For India’s public health system, the implications are substantial. The condition is estimated to affect 170 million women during their reproductive years alone. In India, with a female population of approximately 700 million and a reproductive-age cohort of roughly 300 million, even conservative estimates suggest that 20–30 million Indian women may be living with this condition. The historical emphasis on reproductive aspects — difficulty conceiving, pregnancy loss, gestational diabetes — has created a stigmatised narrative around the condition that has delayed help-seeking and resulted in inadequate treatment of the metabolic components. The PMOS reframing — by centering metabolic dysfunction — creates an opportunity to integrate management of the condition into India’s existing diabetes and metabolic disease prevention infrastructure.
Way Forward: Reforming Medical Examination Governance and Public Health Policy
For NTA reform, India should establish an independent statutory examination authority — separate from the Ministry of Education — with its own governance board including representatives from the medical profession, academia, civil society, and technology experts.

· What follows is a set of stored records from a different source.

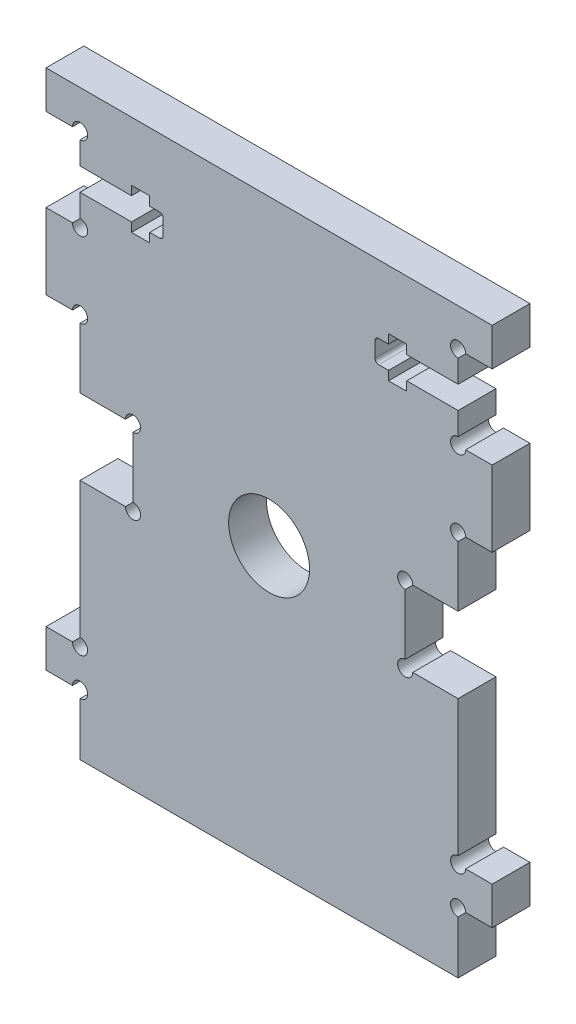
from build123d import *

# Parameters (mm, degrees)
ESBO_O1_R             = 5.35
FLANGE_BASE1_DEPTH    = 5
CORTE_EXTRUS_O1_REACH = 58.115
ESBO_O2_R             = 1
QUEBRA_CANTO1_START   = -5
QUEBRA_CANTO1_DEPTH   = 5


# Read off the part's stored shape, not the designer's step: Quebra-Canto1
# Sheet-metal steps are written as plain solids
with BuildPart() as part:
    # Esboço1 → Flange-base1 (new body)
    with BuildSketch(Plane.XY):
        Polygon((19.699698823, 8.736399513), (12.699698794, 8.736399513), (12.699698794, -1.263600636), (19.699698823, -1.263600636), (19.699698823, -20.26360068), (24.199698913, -20.26360068), (24.199698913, -25.263600799), (19.699698982, -25.263600562), (19.699698823, -28.263600308), (19.699698823, -33.263600919), (-30.300301832, -33.263600919), (-30.300301832, -28.263600308), (-30.30030199, -25.263600562), (-34.800301922, -25.263600799), (-34.800301922, -20.26360068), (-30.300301832, -20.26360068), (-30.300301832, -1.263600636), (-23.300301802, -1.263600636), (-23.300301802, 8.736399513), (-30.300301832, 8.736399513), (-30.300301832, 17.736399558), (-34.800301922, 17.736399558), (-34.800301922, 27.736399558), (-30.300301832, 27.736399558), (-30.300301832, 31.736399692), (-23.500301773, 31.736399692), (-23.500301773, 30.536399744), (-21.100301772, 30.536399744), (-21.100301772, 31.736399692), (-19.300301772, 31.736399692), (-19.300301772, 34.736399796), (-21.100301772, 34.736399796), (-21.100301772, 35.936399744), (-23.500301772, 35.936399744), (-23.500301772, 34.736399796), (-30.300301832, 34.736399796), (-30.300301832, 38.736399796), (-34.800301832, 38.736399796), (-34.800301832, 43.736399796), (24.199698817, 43.736399796), (24.199698817, 38.736399797), (19.699698817, 38.736399797), (19.699698817, 34.736399797), (12.899698227, 34.736399797), (12.899698227, 35.936399744), (10.499698227, 35.936399744), (10.499698227, 34.736399797), (8.699698168, 34.736399797), (8.699698168, 31.736399692), (10.499698227, 31.736399692), (10.499698227, 30.536399751), (12.899698233, 30.536399751), (12.899698233, 31.736399692), (19.699698823, 31.736399692), (19.699698823, 27.736399558), (24.199698913, 27.736399558), (24.199698913, 17.736399558), (19.699698823, 17.736399558), align=None)
        with Locations((-5.300301504, 3.736399439)):
            Circle(ESBO_O1_R, mode=Mode.SUBTRACT)
    extrude(amount=-FLANGE_BASE1_DEPTH)

    # Esboço2 → Corte-extrusão1 (cut, up to next)
    with BuildSketch(Plane.XY, mode=Mode.PRIVATE) as corte_extrus_o1_sk1:
        with Locations((-30.300301832, 38.736399796)):
            Circle(ESBO_O2_R)
    corte_extrus_o1_tool1 = extrude(corte_extrus_o1_sk1.sketch, amount=-CORTE_EXTRUS_O1_REACH, mode=Mode.PRIVATE) & part.part
    # Esboço2 → Corte-extrusão1 (cut, up to next)
    with BuildSketch(Plane.XY, mode=Mode.PRIVATE) as corte_extrus_o1_sk2:
        with Locations((-30.300301832, 27.736399558)):
            Circle(ESBO_O2_R)
    corte_extrus_o1_tool2 = extrude(corte_extrus_o1_sk2.sketch, amount=-CORTE_EXTRUS_O1_REACH, mode=Mode.PRIVATE) & part.part
    # Esboço2 → Corte-extrusão1 (cut, up to next)
    with BuildSketch(Plane.XY, mode=Mode.PRIVATE) as corte_extrus_o1_sk3:
        with Locations((-30.300301832, 17.736399558)):
            Circle(ESBO_O2_R)
    corte_extrus_o1_tool3 = extrude(corte_extrus_o1_sk3.sketch, amount=-CORTE_EXTRUS_O1_REACH, mode=Mode.PRIVATE) & part.part
    # Esboço2 → Corte-extrusão1 (cut, up to next)
    with BuildSketch(Plane.XY, mode=Mode.PRIVATE) as corte_extrus_o1_sk4:
        with Locations((-23.300301802, 8.736399513)):
            Circle(ESBO_O2_R)
    corte_extrus_o1_tool4 = extrude(corte_extrus_o1_sk4.sketch, amount=-CORTE_EXTRUS_O1_REACH, mode=Mode.PRIVATE) & part.part
    # Esboço2 → Corte-extrusão1 (cut, up to next)
    with BuildSketch(Plane.XY, mode=Mode.PRIVATE) as corte_extrus_o1_sk5:
        with Locations((-23.300301802, -1.263600636)):
            Circle(ESBO_O2_R)
    corte_extrus_o1_tool5 = extrude(corte_extrus_o1_sk5.sketch, amount=-CORTE_EXTRUS_O1_REACH, mode=Mode.PRIVATE) & part.part
    # Esboço2 → Corte-extrusão1 (cut, up to next)
    with BuildSketch(Plane.XY, mode=Mode.PRIVATE) as corte_extrus_o1_sk6:
        with Locations((-30.300301832, -20.26360068)):
            Circle(ESBO_O2_R)
    corte_extrus_o1_tool6 = extrude(corte_extrus_o1_sk6.sketch, amount=-CORTE_EXTRUS_O1_REACH, mode=Mode.PRIVATE) & part.part
    # Esboço2 → Corte-extrusão1 (cut, up to next)
    with BuildSketch(Plane.XY, mode=Mode.PRIVATE) as corte_extrus_o1_sk7:
        with Locations((-30.30030199, -25.263600562)):
            Circle(ESBO_O2_R)
    corte_extrus_o1_tool7 = extrude(corte_extrus_o1_sk7.sketch, amount=-CORTE_EXTRUS_O1_REACH, mode=Mode.PRIVATE) & part.part
    # Esboço2 → Corte-extrusão1 (cut, up to next)
    with BuildSketch(Plane.XY, mode=Mode.PRIVATE) as corte_extrus_o1_sk8:
        with Locations((19.699698982, -25.263600562)):
            Circle(ESBO_O2_R)
    corte_extrus_o1_tool8 = extrude(corte_extrus_o1_sk8.sketch, amount=-CORTE_EXTRUS_O1_REACH, mode=Mode.PRIVATE) & part.part
    # Esboço2 → Corte-extrusão1 (cut, up to next)
    with BuildSketch(Plane.XY, mode=Mode.PRIVATE) as corte_extrus_o1_sk9:
        with Locations((19.699698823, -20.26360068)):
            Circle(ESBO_O2_R)
    corte_extrus_o1_tool9 = extrude(corte_extrus_o1_sk9.sketch, amount=-CORTE_EXTRUS_O1_REACH, mode=Mode.PRIVATE) & part.part
    # Esboço2 → Corte-extrusão1 (cut, up to next)
    with BuildSketch(Plane.XY, mode=Mode.PRIVATE) as corte_extrus_o1_sk10:
        with Locations((12.699698794, 8.736399513)):
            Circle(ESBO_O2_R)
    corte_extrus_o1_tool10 = extrude(corte_extrus_o1_sk10.sketch, amount=-CORTE_EXTRUS_O1_REACH, mode=Mode.PRIVATE) & part.part
    # Esboço2 → Corte-extrusão1 (cut, up to next)
    with BuildSketch(Plane.XY, mode=Mode.PRIVATE) as corte_extrus_o1_sk11:
        with Locations((12.699698794, -1.263600636)):
            Circle(ESBO_O2_R)
    corte_extrus_o1_tool11 = extrude(corte_extrus_o1_sk11.sketch, amount=-CORTE_EXTRUS_O1_REACH, mode=Mode.PRIVATE) & part.part
    # Esboço2 → Corte-extrusão1 (cut, up to next)
    with BuildSketch(Plane.XY, mode=Mode.PRIVATE) as corte_extrus_o1_sk12:
        with Locations((19.699698823, 17.736399558)):
            Circle(ESBO_O2_R)
    corte_extrus_o1_tool12 = extrude(corte_extrus_o1_sk12.sketch, amount=-CORTE_EXTRUS_O1_REACH, mode=Mode.PRIVATE) & part.part
    # Esboço2 → Corte-extrusão1 (cut, up to next)
    with BuildSketch(Plane.XY, mode=Mode.PRIVATE) as corte_extrus_o1_sk13:
        with Locations((19.699698817, 38.736399797)):
            Circle(ESBO_O2_R)
    corte_extrus_o1_tool13 = extrude(corte_extrus_o1_sk13.sketch, amount=-CORTE_EXTRUS_O1_REACH, mode=Mode.PRIVATE) & part.part
    # Esboço2 → Corte-extrusão1 (cut, up to next)
    with BuildSketch(Plane.XY, mode=Mode.PRIVATE) as corte_extrus_o1_sk14:
        with Locations((19.699698823, 27.736399558)):
            Circle(ESBO_O2_R)
    corte_extrus_o1_tool14 = extrude(corte_extrus_o1_sk14.sketch, amount=-CORTE_EXTRUS_O1_REACH, mode=Mode.PRIVATE) & part.part
    add(corte_extrus_o1_tool1.solids().sort_by_distance((-30.300302, 38.7364, 0))[0], mode=Mode.SUBTRACT)
    add(corte_extrus_o1_tool2.solids().sort_by_distance((-30.300302, 27.7364, 0))[0], mode=Mode.SUBTRACT)
    add(corte_extrus_o1_tool3.solids().sort_by_distance((-30.300302, 17.7364, 0))[0], mode=Mode.SUBTRACT)
    add(corte_extrus_o1_tool4.solids().sort_by_distance((-23.300302, 8.7364, 0))[0], mode=Mode.SUBTRACT)
    add(corte_extrus_o1_tool5.solids().sort_by_distance((-23.300302, -1.263601, 0))[0], mode=Mode.SUBTRACT)
    add(corte_extrus_o1_tool6.solids().sort_by_distance((-30.300302, -20.263601, 0))[0], mode=Mode.SUBTRACT)
    add(corte_extrus_o1_tool7.solids().sort_by_distance((-30.300302, -25.263601, 0))[0], mode=Mode.SUBTRACT)
    add(corte_extrus_o1_tool8.solids().sort_by_distance((19.699699, -25.263601, 0))[0], mode=Mode.SUBTRACT)
    add(corte_extrus_o1_tool9.solids().sort_by_distance((19.699699, -20.263601, 0))[0], mode=Mode.SUBTRACT)
    add(corte_extrus_o1_tool10.solids().sort_by_distance((12.699699, 8.7364, 0))[0], mode=Mode.SUBTRACT)
    add(corte_extrus_o1_tool11.solids().sort_by_distance((12.699699, -1.263601, 0))[0], mode=Mode.SUBTRACT)
    add(corte_extrus_o1_tool12.solids().sort_by_distance((19.699699, 17.7364, 0))[0], mode=Mode.SUBTRACT)
    add(corte_extrus_o1_tool13.solids().sort_by_distance((19.699699, 38.7364, 0))[0], mode=Mode.SUBTRACT)
    add(corte_extrus_o1_tool14.solids().sort_by_distance((19.699699, 27.7364, 0))[0], mode=Mode.SUBTRACT)

    # Quebra-Canto1 outline → Quebra-Canto1 (add)
    with BuildSketch(Plane.XY.offset(QUEBRA_CANTO1_START)):
        with BuildLine():
            Line((8.699698168, 34.736399797), (8.699698168, 34.236399797))
            ThreePointArc((8.699698168, 34.236399797), (8.846144777, 34.589953188), (9.199698168, 34.736399797))
            Line((9.199698168, 34.736399797), (8.699698168, 34.736399797))
        make_face()
        with BuildLine():
            ThreePointArc((9.199698168, 31.736399692), (8.846144777, 31.882846301), (8.699698168, 32.236399692))
            Line((8.699698168, 32.236399692), (8.699698168, 31.736399692))
            Line((8.699698168, 31.736399692), (9.199698168, 31.736399692))
        make_face()
        with BuildLine():
            Line((-19.300301772, 31.736399692), (-19.300301772, 32.236399692))
            ThreePointArc((-19.300301772, 32.236399692), (-19.446748382, 31.882846301), (-19.800301772, 31.736399692))
            Line((-19.800301772, 31.736399692), (-19.300301772, 31.736399692))
        make_face()
        with BuildLine():
            ThreePointArc((-19.800301772, 34.736399796), (-19.446748382, 34.589953186), (-19.300301772, 34.236399796))
            Line((-19.300301772, 34.236399796), (-19.300301772, 34.736399796))
            Line((-19.300301772, 34.736399796), (-19.800301772, 34.736399796))
        make_face()
    extrude(amount=QUEBRA_CANTO1_DEPTH)


solid = part.part

All examination-related logistics should be handled by government agencies or verified public sector undertakings, not private contractors selected on lowest-bid criteria. A mandatory digital audit trail — using blockchain technology to ensure tamper-proof documentation of all examination materials from printing to collection — should be implemented. For PMOS, India’s National Programme for Non-Communicable Disease Prevention and Control should be expanded to explicitly include PMOS as a target condition, with integrated metabolic screening protocols for women of reproductive age at primary health centres.
Relevance for UPSC and SSC Examinations
This topic is relevant to UPSC GS-II under Health, Education, Issues in Governance, and Social Sector. The constitutional dimension (Article 32, Article 21A, Article 14) connects to GS-II Constitutional and Governance sections. For SSC, health and science sections are applicable.
Key terms: NTA, NEET-UG, Radhakrishnan Committee, Article 32, Article 142, PCOS, PMOS, Endocrine Society, Metabolic Dysfunction, Medical Council of India, National Medical Commission, Competency-Based Medical Education (CBME).